4bia seolah menunjukkan kembali kepada saya bagaimana asyiknya diteror oleh film horor. Seperti apa serunya ditakuti, menjerit bak seorang gadis, menutup mata dengan tangan, serta bertalu-talunya rasa penasaran sambil menanti kejadian apa akan yang bergulir selanjutnya.

Film kolektif 4 sutradara muda Thailand ini mungkin tidak membukukan sebuah pakem film hantu seperti halnya Ju’on atau The Ring. Namun, dibalik kesederhanaan berceritanya terangkum formula yang lengkap untuk membuat tontonan horor berisi.

Oke, sebuah film horor saya sebut sukses bila dapat membuat penontonnya menutup mata, atau mengintip dari balik jari tangan (seperti yang saya lakukan saat menonton 4bia kemarin malam).

Agar penonton ketakutan, mereka butuh alasan. Tidak sekadar menampilkan hantu secara frontal. Logikanya sama ketika saya bisa menikmati sebuah adult video secara maksimal ketika filmnya beralur, dan karakternya “hidup”.

Dengan logika cerita yang bisa diterima, maka mudah bagi kita untuk mengunyah ketakutan itu dengan nikmat. Ini yang jarang dimiliki film horor Indonesia yang sering ceritanya terlalu absurd, dibuat-buat, dan mengada-ada. Lha, kalau belum-belum sudah skeptis dengan logika cerita yang disusun, jadi fatal, karena bakal sulit untuk menerima dan menikmati sisa cerita. Apalagi ditakuti.

Dan 4bia, mampu merancang logika cerita dengan baik. Tidak istimewa, sebenarnya, tapi lengkap. Dari sebab-akibat, teror, caranya menghantui yang serba tidak berlebihan, dan juga, ya, pemain-pemainnya yang berakting prima. Kedekatan budaya Thailand dan Indonesia pula yang membuatnya semakin berkesan.

Film ini terbagi dalam empat cerita pendek. Film pertama, Happiness, disutradarai oleh Youngyooth Thongkonthun. Ceritanya tentang seorang gadis yang mendapat SMS dari nomor tak dikenal. Karena kesepian, SMS itu dibalas. Mereka pun saling berbalas SMS. Adegan mulai menyeramkan ketika lawan SMSnya mengirimkan kembali foto si gadis lewat MMS. ”Curang, kamu mengirim fotoku lagi, fotomu mana?” kata gadis itu. ”Aku ada disebelahmu,” balas si pengirim misterius.

Cerita kedua, saya tidak begitu suka. Berusaha untuk dibuat stylish dan ber-pace cepat, tapi malah mengada-ngada. Mirip horor Indonesia yang disutradarai Nayato. Tit For Tat, judulnya. Disutradarai oleh Paween Purijitpanya. Ini bercerita tentang cowok SMA korban bulliying yang membalas dendam dengan ilmu hitam. Sadis iya, seram tidak.
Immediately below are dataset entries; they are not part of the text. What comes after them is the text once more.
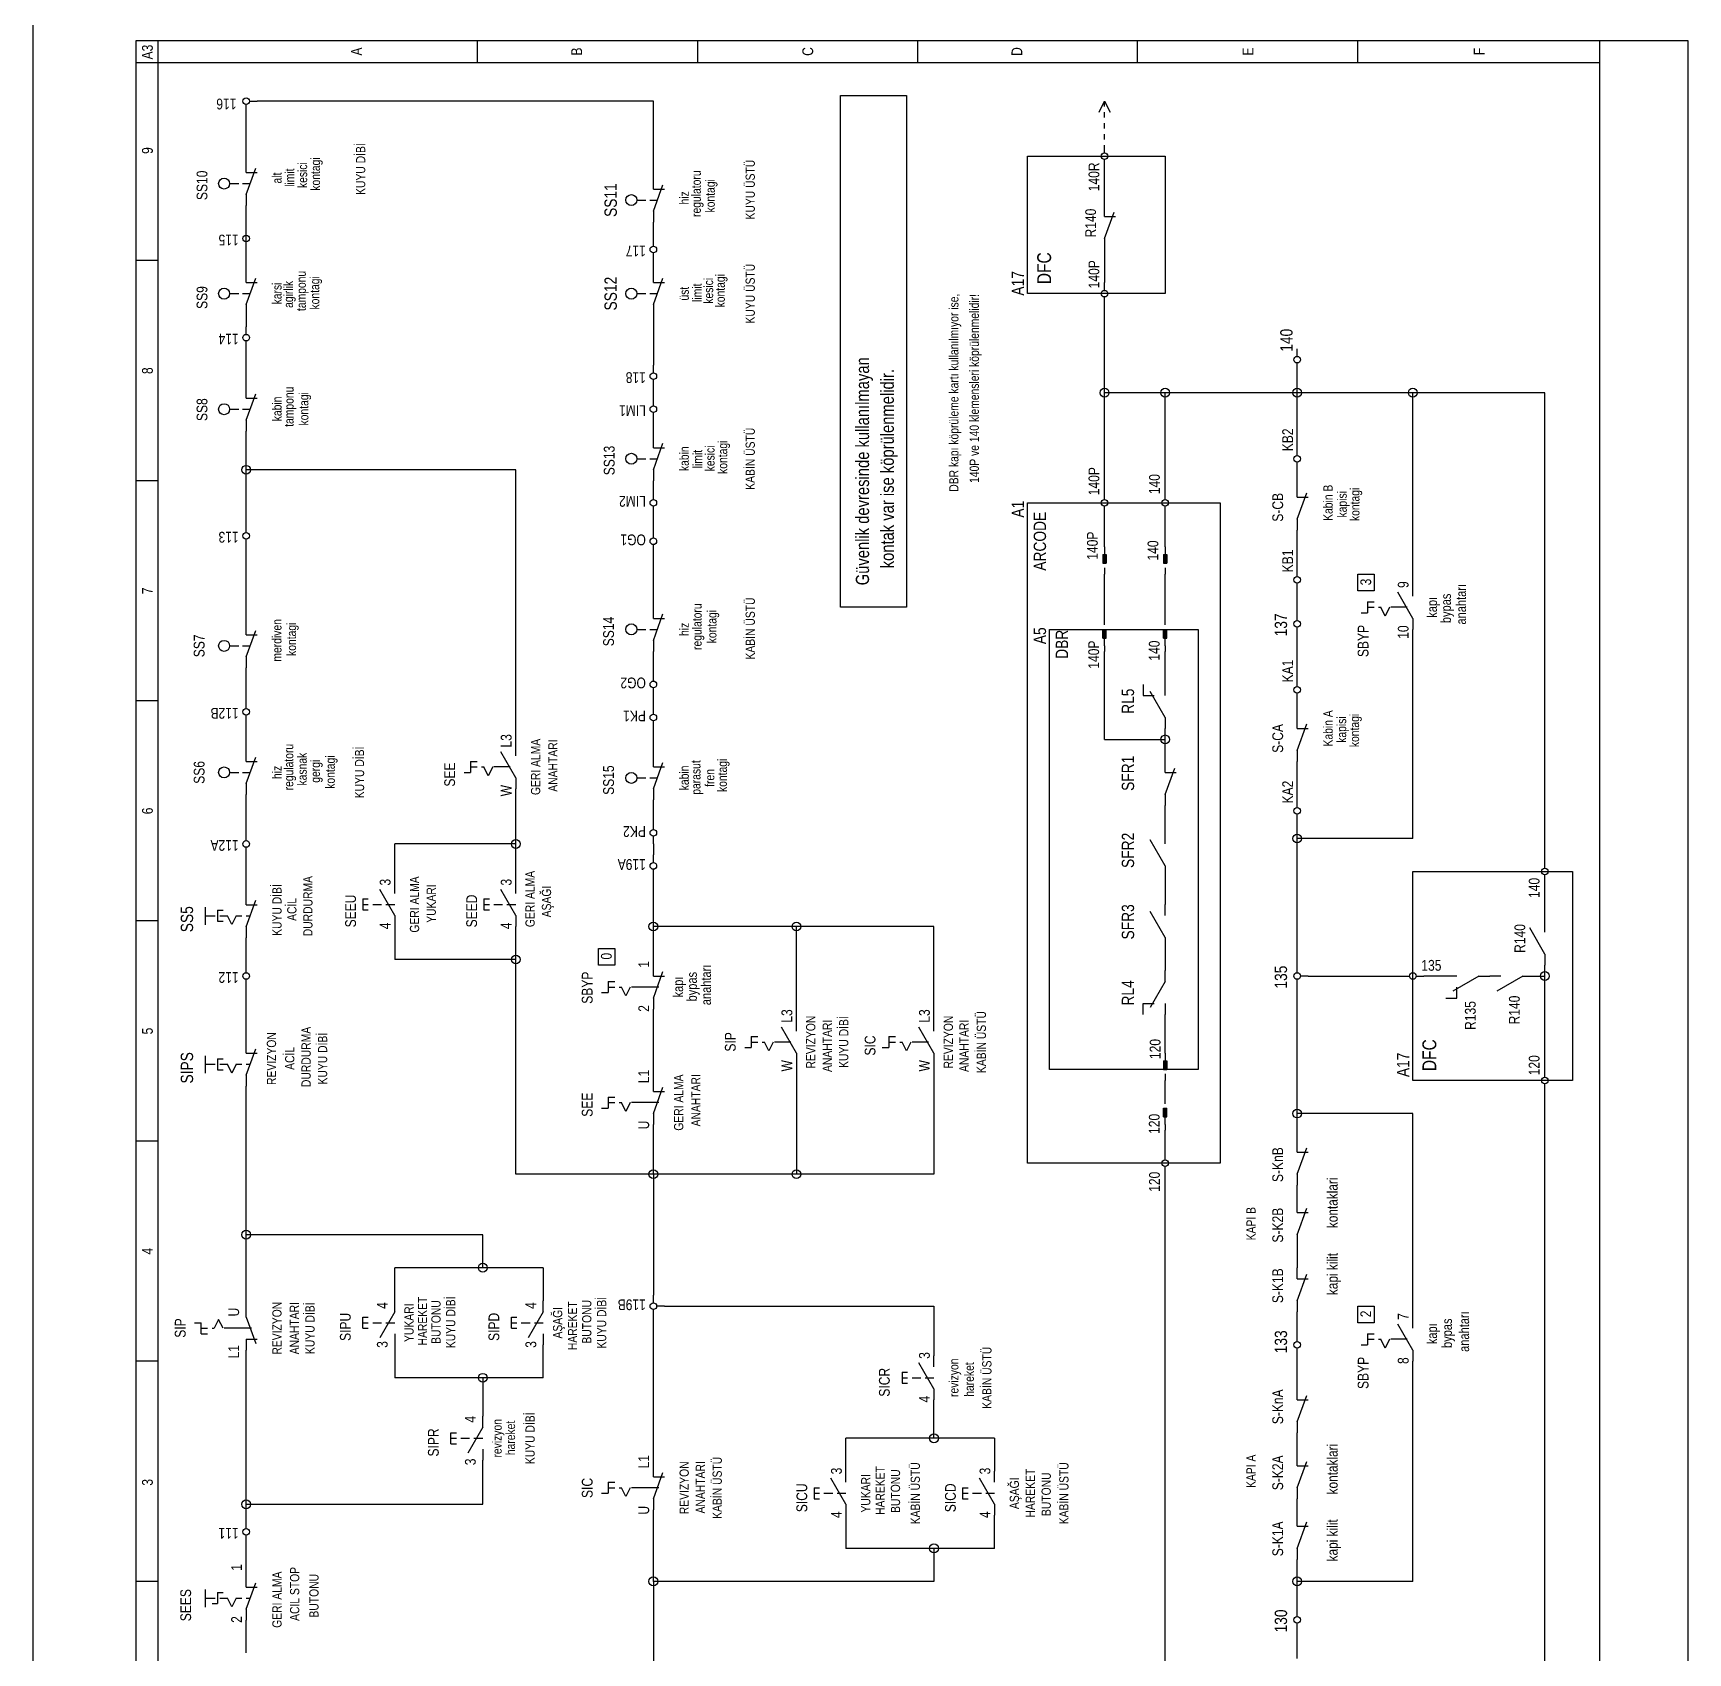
# Model space of a CAD drawing. Header units: centimetres. Extents: x 0 to 13360, y -30 to 2970.
# Drawn here: x 11245 to 11956, y 323 to 1019 of the extents above; entities that cross this region are included whole.
import ezdxf
from ezdxf.enums import TextEntityAlignment as Align

# ---------------------------------------------------------------- set-up
doc = ezdxf.new("R2010")
doc.units = ezdxf.units.CM
for name, color, linetype in [('SCOTT-CERCEVE', 7, 'CONTINUOUS'), ('SCOTT-ELEKTRIK', 3, 'CONTINUOUS'), ('SCOTT-ELEKTRIK-YAZI', 4, 'CONTINUOUS')]:
    doc.layers.add(name, color=color, linetype=linetype)
doc.styles.get("Standard").update_dxf_attribs({"font": 'arial.ttf', "width": 0.8})

msp = doc.modelspace()

# ---------------------------------------------------------------- linework, layer by layer
at = {"layer": 'SCOTT-CERCEVE'}
msp.add_line((11244.9, 0), (11244.9, 2970), dxfattribs=at)
at = {"layer": 'SCOTT-ELEKTRIK'}
for p, q in [((11289.15, 70.2), (11289.15, 1015.95)), ((11289.15, 1015.95), (11955.9, 1015.95)), ((11298.6, 79.66), (11298.6, 1015.95)), ((11435.74, 1015.95), (11435.74, 1006.5)), ((11530.31, 1015.95), (11530.31, 1006.5)), ((11624.89, 1015.95), (11624.89, 1006.5)), ((11719.46, 1006.5), (11719.46, 1015.95)), ((11814.04, 1006.5), (11814.04, 1015.95)), ((11918.07, 70.2), (11918.07, 1015.95)), ((11955.9, 1015.95), (11955.9, 70.2)), ((11289.15, 1006.5), (11918.07, 1006.5)), ((11336.43, 985.22), (11336.43, 988.53)), ((11337.85, 989.94), (11341.16, 989.94)), ((11511.4, 989.94), (11341.16, 989.94)), ((11511.4, 956.84), (11511.4, 989.94)), ((11591.79, 772.42), (11591.79, 992.31)), ((11591.79, 992.31), (11620.16, 992.31)), ((11620.16, 992.31), (11620.16, 772.42)), ((11702.91, 985.22), (11705.28, 989.94)), ((11705.28, 987.58), (11705.28, 989.94)), ((11705.28, 989.94), (11707.64, 985.22)), ((11336.43, 963.94), (11336.43, 985.22)), ((11705.28, 982.85), (11705.28, 985.22)), ((11705.28, 978.12), (11705.28, 980.49)), ((11705.28, 973.39), (11705.28, 975.76)), ((11705.28, 967.72), (11705.28, 971.03)), ((11336.43, 959.21), (11336.43, 963.94)), ((11336.43, 949.75), (11340.57, 961.1)), ((11672.18, 907.19), (11672.18, 966.3)), ((11672.18, 966.3), (11731.29, 966.3)), ((11705.28, 961.57), (11705.28, 964.88)), ((11705.28, 945.02), (11705.28, 961.57)), ((11731.29, 966.3), (11731.29, 907.19)), ((11329.34, 954.48), (11333.23, 954.48)), ((11334.92, 954.48), (11338.16, 954.48)), ((11336.43, 959.21), (11341.16, 959.21)), ((11511.4, 952.11), (11511.4, 956.84)), ((11511.4, 942.66), (11515.53, 954.01)), ((11336.43, 949.75), (11336.43, 945.02)), ((11504.31, 947.39), (11508.2, 947.39)), ((11509.89, 947.39), (11513.12, 947.39)), ((11511.4, 952.11), (11516.13, 952.11)), ((11336.43, 935.56), (11336.43, 945.02)), ((11511.4, 942.66), (11511.4, 937.93)), ((11705.28, 940.29), (11705.28, 945.02)), ((11705.28, 930.84), (11709.41, 942.18)), ((11705.28, 940.29), (11710.01, 940.29)), ((11336.43, 932.25), (11336.43, 935.56)), ((11336.43, 926.11), (11336.43, 933.2)), ((11511.4, 930.84), (11511.4, 937.93)), ((11336.43, 926.11), (11336.43, 929.42)), ((11336.43, 916.65), (11336.43, 926.11)), ((11511.4, 927.52), (11511.4, 930.84)), ((11511.4, 921.38), (11511.4, 924.69)), ((11705.28, 930.84), (11705.28, 926.11)), ((11705.28, 926.11), (11705.28, 911.92)), ((11298.6, 921.38), (11289.15, 921.38)), ((11511.4, 916.65), (11511.4, 921.38)), ((11336.43, 911.92), (11336.43, 916.65)), ((11336.43, 902.46), (11340.57, 913.81)), ((11336.43, 911.92), (11341.16, 911.92)), ((11511.4, 911.92), (11511.4, 916.65)), ((11511.4, 902.46), (11515.53, 913.81)), ((11511.4, 911.92), (11516.13, 911.92)), ((11705.28, 908.61), (11705.28, 911.92)), ((11329.34, 907.19), (11333.23, 907.19)), ((11334.92, 907.19), (11338.16, 907.19)), ((11504.31, 907.19), (11508.2, 907.19)), ((11509.89, 907.19), (11513.12, 907.19)), ((11731.29, 907.19), (11672.18, 907.19)), ((11705.28, 902.46), (11705.28, 905.77)), ((11336.43, 902.46), (11336.43, 897.73)), ((11336.43, 897.73), (11336.43, 893)), ((11511.4, 902.46), (11511.4, 897.73)), ((11511.4, 897.73), (11511.4, 876.45)), ((11705.28, 864.63), (11705.28, 902.46)), ((11336.43, 889.69), (11336.43, 893)), ((11336.43, 883.55), (11336.43, 886.86)), ((11336.43, 867), (11336.43, 883.55)), ((11336.43, 867), (11336.43, 883.55)), ((11788.03, 880.24), (11788.03, 883.55)), ((11511.4, 873.14), (11511.4, 876.45)), ((11788.03, 874.09), (11788.03, 877.4)), ((11511.4, 867), (11511.4, 870.31)), ((11788.03, 864.63), (11788.03, 874.09)), ((11336.43, 862.27), (11336.43, 867)), ((11336.43, 852.81), (11340.57, 864.16)), ((11336.43, 862.27), (11341.16, 862.27)), ((11511.4, 862.27), (11511.4, 867)), ((11511.4, 858.96), (11511.4, 862.27)), ((11705.28, 822.07), (11705.28, 864.63)), ((11731.29, 864.63), (11705.28, 864.63)), ((11731.29, 822.07), (11731.29, 864.63)), ((11788.03, 864.63), (11731.29, 864.63)), ((11788.03, 840.99), (11788.03, 864.63)), ((11837.68, 864.63), (11788.03, 864.63)), ((11837.68, 781.88), (11837.68, 864.63)), ((11894.43, 864.63), (11837.68, 864.63)), ((11894.43, 663.66), (11894.43, 864.63)), ((11329.34, 857.54), (11333.23, 857.54)), ((11334.92, 857.54), (11338.16, 857.54)), ((11511.4, 852.81), (11511.4, 856.12)), ((11336.43, 852.81), (11336.43, 848.08)), ((11336.43, 831.53), (11336.43, 848.08)), ((11511.4, 845.72), (11511.4, 852.81)), ((11511.4, 840.99), (11511.4, 845.72)), ((11511.4, 831.53), (11515.53, 842.88)), ((11511.4, 840.99), (11516.13, 840.99)), ((11788.03, 837.68), (11788.03, 840.99)), ((11504.31, 836.26), (11508.2, 836.26)), ((11509.89, 836.26), (11513.12, 836.26)), ((11788.03, 831.53), (11788.03, 834.84)), ((11298.6, 826.8), (11289.15, 826.8)), ((11452.29, 831.53), (11336.43, 831.53)), ((11336.43, 807.89), (11336.43, 831.53)), ((11452.29, 713.31), (11452.29, 831.53)), ((11511.4, 831.53), (11511.4, 826.8)), ((11511.4, 822.07), (11511.4, 826.8)), ((11788.03, 824.44), (11788.03, 831.53)), ((11511.4, 818.76), (11511.4, 822.07)), ((11705.28, 818.76), (11705.28, 822.07)), ((11731.29, 818.76), (11731.29, 822.07)), ((11788.03, 819.71), (11788.03, 824.44)), ((11788.03, 810.25), (11792.16, 821.6)), ((11788.03, 819.71), (11792.76, 819.71)), ((11511.4, 812.62), (11511.4, 815.93)), ((11511.4, 805.52), (11511.4, 812.62)), ((11672.18, 533.62), (11672.18, 817.34)), ((11672.18, 817.34), (11754.93, 817.34)), ((11705.28, 812.62), (11705.28, 815.93)), ((11705.28, 800.79), (11705.28, 812.62)), ((11731.29, 812.62), (11731.29, 815.93)), ((11731.29, 800.79), (11731.29, 812.62)), ((11754.93, 817.34), (11754.93, 533.62)), ((11336.43, 804.58), (11336.43, 807.89)), ((11511.4, 802.21), (11511.4, 805.52)), ((11788.03, 810.25), (11788.03, 805.52)), ((11788.03, 788.97), (11788.03, 805.52)), ((11336.43, 798.43), (11336.43, 801.74)), ((11336.43, 765.33), (11336.43, 798.43)), ((11511.4, 796.07), (11511.4, 799.38)), ((11705.28, 798.43), (11705.28, 800.79)), ((11705.28, 798.43), (11705.28, 791.34)), ((11731.29, 798.43), (11731.29, 800.79)), ((11731.29, 798.43), (11731.29, 791.34)), ((11511.4, 772.42), (11511.4, 796.07)), ((11704.57, 795.12), (11704.57, 791.34)), ((11704.57, 795.12), (11705.99, 795.12)), ((11704.57, 791.34), (11705.99, 791.34)), ((11704.81, 795.12), (11704.81, 791.34)), ((11705.04, 795.12), (11705.04, 791.34)), ((11705.28, 789.44), (11705.28, 786.61)), ((11705.52, 795.12), (11705.52, 791.34)), ((11705.75, 795.12), (11705.75, 791.34)), ((11705.99, 795.12), (11705.99, 791.34)), ((11730.58, 795.12), (11730.58, 791.34)), ((11730.58, 795.12), (11732, 795.12)), ((11730.58, 791.34), (11732, 791.34)), ((11730.81, 795.12), (11730.81, 791.34)), ((11731.05, 795.12), (11731.05, 791.34)), ((11731.29, 789.44), (11731.29, 786.61)), ((11731.52, 795.12), (11731.52, 791.34)), ((11731.76, 795.12), (11731.76, 791.34)), ((11732, 795.12), (11732, 791.34)), ((11705.28, 767.69), (11705.28, 786.61)), ((11731.29, 767.69), (11731.29, 786.61)), ((11788.03, 785.66), (11788.03, 788.97)), ((11788.03, 779.51), (11788.03, 782.82)), ((11814.04, 779.51), (11814.04, 786.61)), ((11814.04, 786.61), (11821.13, 786.61)), ((11821.13, 786.61), (11821.13, 779.51)), ((11788.03, 770.06), (11788.03, 779.51)), ((11821.13, 779.51), (11814.04, 779.51)), ((11837.68, 767.69), (11831.22, 778.88)), ((11837.68, 777.15), (11837.68, 781.88)), ((11511.4, 767.69), (11511.4, 772.42)), ((11511.4, 758.23), (11515.53, 769.58)), ((11620.16, 772.42), (11591.79, 772.42)), ((11788.03, 766.75), (11788.03, 770.06)), ((11815.46, 770.06), (11818.3, 770.06)), ((11818.3, 774.79), (11821.13, 774.79)), ((11818.3, 774.79), (11818.3, 770.06)), ((11818.3, 772.42), (11821.13, 772.42)), ((11823.03, 772.42), (11823.97, 772.42)), ((11825.86, 768.64), (11823.97, 772.42)), ((11827.75, 772.42), (11825.86, 768.64)), ((11835.32, 772.42), (11828.23, 772.42)), ((11336.43, 760.6), (11336.43, 765.33)), ((11336.43, 751.14), (11340.57, 762.49)), ((11504.31, 762.96), (11508.2, 762.96)), ((11509.89, 762.96), (11513.12, 762.96)), ((11511.4, 767.69), (11516.13, 767.69)), ((11681.63, 573.81), (11681.63, 762.96)), ((11681.63, 762.96), (11745.47, 762.96)), ((11704.57, 762.96), (11705.99, 762.96)), ((11704.57, 759.18), (11704.57, 762.96)), ((11704.81, 759.18), (11704.81, 762.96)), ((11705.04, 759.18), (11705.04, 762.96)), ((11705.28, 764.86), (11705.28, 767.69)), ((11705.28, 755.87), (11705.28, 762.96)), ((11705.52, 759.18), (11705.52, 762.96)), ((11705.75, 759.18), (11705.75, 762.96)), ((11705.99, 759.18), (11705.99, 762.96)), ((11730.58, 762.96), (11732, 762.96)), ((11730.58, 759.18), (11730.58, 762.96)), ((11730.81, 759.18), (11730.81, 762.96)), ((11731.05, 759.18), (11731.05, 762.96)), ((11731.29, 764.86), (11731.29, 767.69)), ((11731.29, 755.87), (11731.29, 762.96)), ((11731.52, 759.18), (11731.52, 762.96)), ((11731.76, 759.18), (11731.76, 762.96)), ((11732, 759.18), (11732, 762.96)), ((11745.47, 762.96), (11745.47, 573.81)), ((11788.03, 760.6), (11788.03, 763.91)), ((11837.68, 767.69), (11837.68, 762.96)), ((11837.68, 673.12), (11837.68, 762.96)), ((11329.34, 755.87), (11333.23, 755.87)), ((11334.92, 755.87), (11338.16, 755.87)), ((11336.43, 760.6), (11341.16, 760.6)), ((11511.4, 758.23), (11511.4, 753.51)), ((11704.57, 759.18), (11705.99, 759.18)), ((11705.28, 755.87), (11705.28, 753.51)), ((11730.58, 759.18), (11732, 759.18)), ((11731.29, 755.87), (11731.29, 753.51)), ((11788.03, 741.68), (11788.03, 760.6)), ((11336.43, 751.14), (11336.43, 746.41)), ((11511.4, 744.05), (11511.4, 753.51)), ((11705.28, 715.68), (11705.28, 753.51)), ((11731.29, 739.32), (11731.29, 753.51)), ((11336.43, 732.23), (11336.43, 746.41)), ((11511.4, 740.74), (11511.4, 744.05)), ((11788.03, 738.37), (11788.03, 741.68)), ((11511.4, 734.59), (11511.4, 737.9)), ((11511.4, 729.86), (11511.4, 734.59)), ((11721.83, 739.32), (11721.83, 734.59)), ((11721.83, 734.59), (11726.56, 734.59)), ((11731.29, 725.13), (11724.83, 736.32)), ((11731.29, 734.59), (11731.29, 739.32)), ((11788.03, 732.23), (11788.03, 735.54)), ((11298.6, 732.23), (11289.15, 732.23)), ((11336.43, 728.92), (11336.43, 732.23)), ((11336.43, 722.77), (11336.43, 726.08)), ((11511.4, 726.55), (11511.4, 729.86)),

Cerita ketiga arahan Banjong Pisanthanakun ini favorit saya. In The Middle bercerita tentang empat cowok yang kemping di hutan untuk berarung jeram. Dimulai dari adegan kocak soal saling bercerita hantu, sampai akhirnya mereka mendapati salah satu temannya yang dikira tenggelam kembali lagi ke tenda. Horor seperti ini menarik, penuh komedi, seru, dan meneror sekaligus.

Yang terakhir, menurut saya yang terbaik. The Last Fright, digarap oleh Parkpoom Wongpoom. Ceritanya tentang Pim, seorang pramugari cantik yang harus mengawal jenazah dari putri raja negara lain. Teror memanas begitu pesawat mulai turbulence, dan tiba-tiba jenazah itu terhempas dari tempat duduk dan mulai menerornya. Hii…

Yang jelas, 4bia sangat recommended. Jika ditonton di bioskop di malam hari, seramnya jadi dua kali lipat. Sehabis nonton, saya saja hampir kencing di celana gara-gara buru-buru keluar dari kamar mandi Blitz Megaplex yang senyap itu. Huhuhu.

Oh ya, saya rekomendasikan juga Three Extreme. Ini film horor sadis dan penuh darah dari sutradara-stradara favorit saya. Ada Takashi Miike dari Jepang, Park Chan dari Korsel, dan Fruit Chan dari Hong Kong.